● **Available data**
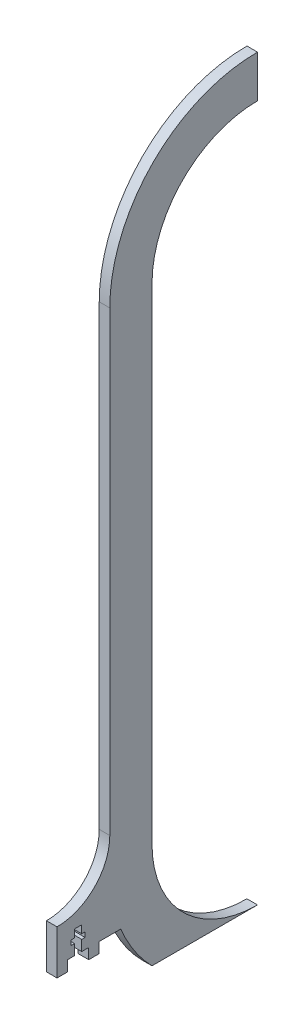
ISO-10303-21;
HEADER;
FILE_DESCRIPTION(('STEP AP214'),'2;1');
FILE_NAME('part.step','',(''),(''),'','','');
FILE_SCHEMA(('AUTOMOTIVE_DESIGN { 1 0 10303 214 1 1 1 1 }'));
ENDSEC;
DATA;
#1=APPLICATION_CONTEXT('core data for automotive mechanical design processes');
#2=APPLICATION_PROTOCOL_DEFINITION('international standard','automotive_design',2000,#1);
#3=PRODUCT_CONTEXT('',#1,'mechanical');
#4=PRODUCT('Part','Part','',(#3));
#5=PRODUCT_RELATED_PRODUCT_CATEGORY('part','',(#4));
#6=PRODUCT_DEFINITION_FORMATION('','',#4);
#7=PRODUCT_DEFINITION_CONTEXT('part definition',#1,'design');
#8=PRODUCT_DEFINITION('design','',#6,#7);
#9=PRODUCT_DEFINITION_SHAPE('','',#8);
#10=(LENGTH_UNIT() NAMED_UNIT(*) SI_UNIT(.MILLI.,.METRE.));
#11=(NAMED_UNIT(*) PLANE_ANGLE_UNIT() SI_UNIT($,.RADIAN.));
#12=(NAMED_UNIT(*) SI_UNIT($,.STERADIAN.) SOLID_ANGLE_UNIT());
#13=UNCERTAINTY_MEASURE_WITH_UNIT(LENGTH_MEASURE(1.E-05),#10,'distance_accuracy_value','');
#14=(GEOMETRIC_REPRESENTATION_CONTEXT(3) GLOBAL_UNCERTAINTY_ASSIGNED_CONTEXT((#13)) GLOBAL_UNIT_ASSIGNED_CONTEXT((#10,
#11,#12)) REPRESENTATION_CONTEXT('',''));
#15=CARTESIAN_POINT('',(0.,0.,0.));
#16=DIRECTION('',(0.,0.,1.));
#17=DIRECTION('',(1.,0.,0.));
#18=AXIS2_PLACEMENT_3D('',#15,#16,#17);
#19=CARTESIAN_POINT('',(6.35,-180.975,42.291));
#20=DIRECTION('',(0.,1.,0.));
#21=DIRECTION('',(0.,0.,1.));
#22=AXIS2_PLACEMENT_3D('',#19,#20,#21);
#23=PLANE('',#22);
#24=DIRECTION('',(0.,0.,-1.));
#25=VECTOR('',#24,1.);
#26=CARTESIAN_POINT('',(0.,-180.975,42.291));
#27=LINE('',#26,#25);
#28=CARTESIAN_POINT('',(0.,-180.975,42.291));
#29=VERTEX_POINT('',#28);
#30=CARTESIAN_POINT('',(0.,-180.975,38.1));
#31=VERTEX_POINT('',#30);
#32=EDGE_CURVE('E254',#29,#31,#27,.T.);
#33=ORIENTED_EDGE('',*,*,#32,.T.);
#34=DIRECTION('',(-1.,0.,0.));
#35=VECTOR('',#34,1.);
#36=CARTESIAN_POINT('',(6.35,-180.975,38.1));
#37=LINE('',#36,#35);
#38=CARTESIAN_POINT('',(6.35,-180.975,38.1));
#39=VERTEX_POINT('',#38);
#40=EDGE_CURVE('E11',#39,#31,#37,.T.);
#41=ORIENTED_EDGE('',*,*,#40,.F.);
#42=DIRECTION('',(0.,0.,-1.));
#43=VECTOR('',#42,1.);
#44=CARTESIAN_POINT('',(6.35,-180.975,42.291));
#45=LINE('',#44,#43);
#46=CARTESIAN_POINT('',(6.35,-180.975,42.291));
#47=VERTEX_POINT('',#46);
#48=EDGE_CURVE('E328',#47,#39,#45,.T.);
#49=ORIENTED_EDGE('',*,*,#48,.F.);
#50=DIRECTION('',(-1.,0.,0.));
#51=VECTOR('',#50,1.);
#52=CARTESIAN_POINT('',(6.35,-180.975,42.291));
#53=LINE('',#52,#51);
#54=EDGE_CURVE('E250',#47,#29,#53,.T.);
#55=ORIENTED_EDGE('',*,*,#54,.T.);
#56=EDGE_LOOP('',(#33,#41,#49,#55));
#57=FACE_BOUND('',#56,.T.);
#58=ADVANCED_FACE('F33',(#57),#23,.F.);
#59=CARTESIAN_POINT('',(6.35,-180.975,38.1));
#60=DIRECTION('',(0.,0.,-1.));
#61=DIRECTION('',(0.,1.,0.));
#62=AXIS2_PLACEMENT_3D('',#59,#60,#61);
#63=PLANE('',#62);
#64=DIRECTION('',(0.,-1.,0.));
#65=VECTOR('',#64,1.);
#66=CARTESIAN_POINT('',(0.,-180.975,38.1));
#67=LINE('',#66,#65);
#68=CARTESIAN_POINT('',(0.,-187.325,38.1));
#69=VERTEX_POINT('',#68);
#70=EDGE_CURVE('E257',#31,#69,#67,.T.);
#71=ORIENTED_EDGE('',*,*,#70,.T.);
#72=DIRECTION('',(-1.,0.,0.));
#73=VECTOR('',#72,1.);
#74=CARTESIAN_POINT('',(6.35,-187.325,38.1));
#75=LINE('',#74,#73);
#76=CARTESIAN_POINT('',(6.35,-187.325,38.1));
#77=VERTEX_POINT('',#76);
#78=EDGE_CURVE('E41',#77,#69,#75,.T.);
#79=ORIENTED_EDGE('',*,*,#78,.F.);
#80=DIRECTION('',(0.,-1.,0.));
#81=VECTOR('',#80,1.);
#82=CARTESIAN_POINT('',(6.35,-180.975,38.1));
#83=LINE('',#82,#81);
#84=EDGE_CURVE('E151',#39,#77,#83,.T.);
#85=ORIENTED_EDGE('',*,*,#84,.F.);
#86=ORIENTED_EDGE('',*,*,#40,.T.);
#87=EDGE_LOOP('',(#71,#79,#85,#86));
#88=FACE_BOUND('',#87,.T.);
#89=ADVANCED_FACE('F477',(#88),#63,.F.);
#90=CARTESIAN_POINT('',(6.35,-187.325,38.1));
#91=DIRECTION('',(0.,1.,0.));
#92=DIRECTION('',(0.,0.,1.));
#93=AXIS2_PLACEMENT_3D('',#90,#91,#92);
#94=PLANE('',#93);
#95=DIRECTION('',(0.,0.,-1.));
#96=VECTOR('',#95,1.);
#97=CARTESIAN_POINT('',(0.,-187.325,38.1));
#98=LINE('',#97,#96);
#99=CARTESIAN_POINT('',(0.,-187.325,31.75));
#100=VERTEX_POINT('',#99);
#101=EDGE_CURVE('E259',#69,#100,#98,.T.);
#102=ORIENTED_EDGE('',*,*,#101,.T.);
#103=DIRECTION('',(-1.,0.,0.));
#104=VECTOR('',#103,1.);
#105=CARTESIAN_POINT('',(6.35,-187.325,31.75));
#106=LINE('',#105,#104);
#107=CARTESIAN_POINT('',(6.35,-187.325,31.75));
#108=VERTEX_POINT('',#107);
#109=EDGE_CURVE('E383',#108,#100,#106,.T.);
#110=ORIENTED_EDGE('',*,*,#109,.F.);
#111=DIRECTION('',(0.,0.,-1.));
#112=VECTOR('',#111,1.);
#113=CARTESIAN_POINT('',(6.35,-187.325,38.1));
#114=LINE('',#113,#112);
#115=EDGE_CURVE('E390',#77,#108,#114,.T.);
#116=ORIENTED_EDGE('',*,*,#115,.F.);
#117=ORIENTED_EDGE('',*,*,#78,.T.);
#118=EDGE_LOOP('',(#102,#110,#116,#117));
#119=FACE_BOUND('',#118,.T.);
#120=ADVANCED_FACE('F388',(#119),#94,.F.);
#121=CARTESIAN_POINT('',(6.35,-180.975,31.75));
#122=DIRECTION('',(0.,0.,-1.));
#123=DIRECTION('',(0.,1.,0.));
#124=AXIS2_PLACEMENT_3D('',#121,#122,#123);
#125=PLANE('',#124);
#126=DIRECTION('',(0.,-1.,0.));
#127=VECTOR('',#126,1.);
#128=CARTESIAN_POINT('',(0.,-180.975,31.75));
#129=LINE('',#128,#127);
#130=CARTESIAN_POINT('',(0.,-180.975,31.75));
#131=VERTEX_POINT('',#130);
#132=EDGE_CURVE('E262',#131,#100,#129,.T.);
#133=ORIENTED_EDGE('',*,*,#132,.F.);
#134=DIRECTION('',(-1.,0.,0.));
#135=VECTOR('',#134,1.);
#136=CARTESIAN_POINT('',(6.35,-180.975,31.75));
#137=LINE('',#136,#135);
#138=CARTESIAN_POINT('',(6.35,-180.975,31.75));
#139=VERTEX_POINT('',#138);
#140=EDGE_CURVE('E381',#139,#131,#137,.T.);
#141=ORIENTED_EDGE('',*,*,#140,.F.);
#142=DIRECTION('',(0.,-1.,0.));
#143=VECTOR('',#142,1.);
#144=CARTESIAN_POINT('',(6.35,-180.975,31.75));
#145=LINE('',#144,#143);
#146=EDGE_CURVE('E402',#139,#108,#145,.T.);
#147=ORIENTED_EDGE('',*,*,#146,.T.);
#148=ORIENTED_EDGE('',*,*,#109,.T.);
#149=EDGE_LOOP('',(#133,#141,#147,#148));
#150=FACE_BOUND('',#149,.T.);
#151=ADVANCED_FACE('F398',(#150),#125,.T.);
#152=CARTESIAN_POINT('',(6.35,-180.975,31.75));
#153=DIRECTION('',(0.,1.,0.));
#154=DIRECTION('',(0.,0.,1.));
#155=AXIS2_PLACEMENT_3D('',#152,#153,#154);
#156=PLANE('',#155);
#157=DIRECTION('',(0.,0.,-1.));
#158=VECTOR('',#157,1.);
#159=CARTESIAN_POINT('',(0.,-180.975,31.75));
#160=LINE('',#159,#158);
#161=CARTESIAN_POINT('',(0.,-180.975,18.7886576662999));
#162=VERTEX_POINT('',#161);
#163=EDGE_CURVE('E265',#131,#162,#160,.T.);
#164=ORIENTED_EDGE('',*,*,#163,.T.);
#165=DIRECTION('',(-1.,0.,0.));
#166=VECTOR('',#165,1.);
#167=CARTESIAN_POINT('',(6.35,-180.975,18.7886576662999));
#168=LINE('',#167,#166);
#169=CARTESIAN_POINT('',(6.35,-180.975,18.7886576662999));
#170=VERTEX_POINT('',#169);
#171=EDGE_CURVE('E378',#170,#162,#168,.T.);
#172=ORIENTED_EDGE('',*,*,#171,.F.);
#173=DIRECTION('',(0.,0.,-1.));
#174=VECTOR('',#173,1.);
#175=CARTESIAN_POINT('',(6.35,-180.975,31.75));
#176=LINE('',#175,#174);
#177=EDGE_CURVE('E403',#139,#170,#176,.T.);
#178=ORIENTED_EDGE('',*,*,#177,.F.);
#179=ORIENTED_EDGE('',*,*,#140,.T.);
#180=EDGE_LOOP('',(#164,#172,#178,#179));
#181=FACE_BOUND('',#180,.T.);
#182=ADVANCED_FACE('F488',(#181),#156,.F.);
#183=CARTESIAN_POINT('',(6.35,-147.332960533307,-63.5));
#184=DIRECTION('',(-1.,0.,0.));
#185=DIRECTION('',(0.,0.,1.));
#186=AXIS2_PLACEMENT_3D('',#183,#184,#185);
#187=CYLINDRICAL_SURFACE('',#186,88.8999999999999);
#188=CARTESIAN_POINT('',(0.,-147.332960533307,-63.5));
#189=DIRECTION('',(1.,0.,0.));
#190=DIRECTION('',(0.,0.,-1.));
#191=AXIS2_PLACEMENT_3D('',#188,#189,#190);
#192=CIRCLE('',#191,88.8999999999999);
#193=CARTESIAN_POINT('',(0.,-209.55,0.));
#194=VERTEX_POINT('',#193);
#195=EDGE_CURVE('E267',#162,#194,#192,.T.);
#196=ORIENTED_EDGE('',*,*,#195,.T.);
#197=DIRECTION('',(-1.,0.,0.));
#198=VECTOR('',#197,1.);
#199=CARTESIAN_POINT('',(6.35,-209.55,0.));
#200=LINE('',#199,#198);
#201=CARTESIAN_POINT('',(6.35,-209.55,0.));
#202=VERTEX_POINT('',#201);
#203=EDGE_CURVE('E376',#202,#194,#200,.T.);
#204=ORIENTED_EDGE('',*,*,#203,.F.);
#205=CARTESIAN_POINT('',(6.35,-147.332960533307,-63.5));
#206=DIRECTION('',(1.,0.,0.));
#207=DIRECTION('',(0.,0.,-1.));
#208=AXIS2_PLACEMENT_3D('',#205,#206,#207);
#209=CIRCLE('',#208,88.8999999999999);
#210=EDGE_CURVE('E405',#170,#202,#209,.T.);
#211=ORIENTED_EDGE('',*,*,#210,.F.);
#212=ORIENTED_EDGE('',*,*,#171,.T.);
#213=EDGE_LOOP('',(#196,#204,#211,#212));
#214=FACE_BOUND('',#213,.T.);
#215=ADVANCED_FACE('F491',(#214),#187,.T.);
#216=CARTESIAN_POINT('',(6.35,-209.55,-63.5));
#217=DIRECTION('',(0.,-1.,0.));
#218=DIRECTION('',(0.,0.,-1.));
#219=AXIS2_PLACEMENT_3D('',#216,#217,#218);
#220=PLANE('',#219);
#221=DIRECTION('',(0.,0.,1.));
#222=VECTOR('',#221,1.);
#223=CARTESIAN_POINT('',(0.,-209.55,-63.5));
#224=LINE('',#223,#222);
#225=CARTESIAN_POINT('',(0.,-209.55,-63.5));
#226=VERTEX_POINT('',#225);
#227=EDGE_CURVE('E270',#226,#194,#224,.T.);
#228=ORIENTED_EDGE('',*,*,#227,.F.);
#229=DIRECTION('',(-1.,0.,0.));
#230=VECTOR('',#229,1.);
#231=CARTESIAN_POINT('',(6.35,-209.55,-63.5));
#232=LINE('',#231,#230);
#233=CARTESIAN_POINT('',(6.35,-209.55,-63.5));
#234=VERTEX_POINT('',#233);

● **Work order**
Print the data above from its first line through the line that has "#30=CARTESIAN_POINT('',(0.,-180.975,38.1));", exactly and with nothing else, omitting pictures.

● **Solution to this exercise**
ISO-10303-21;
HEADER;
FILE_DESCRIPTION(('STEP AP214'),'2;1');
FILE_NAME('part.step','',(''),(''),'','','');
FILE_SCHEMA(('AUTOMOTIVE_DESIGN { 1 0 10303 214 1 1 1 1 }'));
ENDSEC;
DATA;
#1=APPLICATION_CONTEXT('core data for automotive mechanical design processes');
#2=APPLICATION_PROTOCOL_DEFINITION('international standard','automotive_design',2000,#1);
#3=PRODUCT_CONTEXT('',#1,'mechanical');
#4=PRODUCT('Part','Part','',(#3));
#5=PRODUCT_RELATED_PRODUCT_CATEGORY('part','',(#4));
#6=PRODUCT_DEFINITION_FORMATION('','',#4);
#7=PRODUCT_DEFINITION_CONTEXT('part definition',#1,'design');
#8=PRODUCT_DEFINITION('design','',#6,#7);
#9=PRODUCT_DEFINITION_SHAPE('','',#8);
#10=(LENGTH_UNIT() NAMED_UNIT(*) SI_UNIT(.MILLI.,.METRE.));
#11=(NAMED_UNIT(*) PLANE_ANGLE_UNIT() SI_UNIT($,.RADIAN.));
#12=(NAMED_UNIT(*) SI_UNIT($,.STERADIAN.) SOLID_ANGLE_UNIT());
#13=UNCERTAINTY_MEASURE_WITH_UNIT(LENGTH_MEASURE(1.E-05),#10,'distance_accuracy_value','');
#14=(GEOMETRIC_REPRESENTATION_CONTEXT(3) GLOBAL_UNCERTAINTY_ASSIGNED_CONTEXT((#13)) GLOBAL_UNIT_ASSIGNED_CONTEXT((#10,
#11,#12)) REPRESENTATION_CONTEXT('',''));
#15=CARTESIAN_POINT('',(0.,0.,0.));
#16=DIRECTION('',(0.,0.,1.));
#17=DIRECTION('',(1.,0.,0.));
#18=AXIS2_PLACEMENT_3D('',#15,#16,#17);
#19=CARTESIAN_POINT('',(6.35,-180.975,42.291));
#20=DIRECTION('',(0.,1.,0.));
#21=DIRECTION('',(0.,0.,1.));
#22=AXIS2_PLACEMENT_3D('',#19,#20,#21);
#23=PLANE('',#22);
#24=DIRECTION('',(0.,0.,-1.));
#25=VECTOR('',#24,1.);
#26=CARTESIAN_POINT('',(0.,-180.975,42.291));
#27=LINE('',#26,#25);
#28=CARTESIAN_POINT('',(0.,-180.975,42.291));
#29=VERTEX_POINT('',#28);
#30=CARTESIAN_POINT('',(0.,-180.975,38.1));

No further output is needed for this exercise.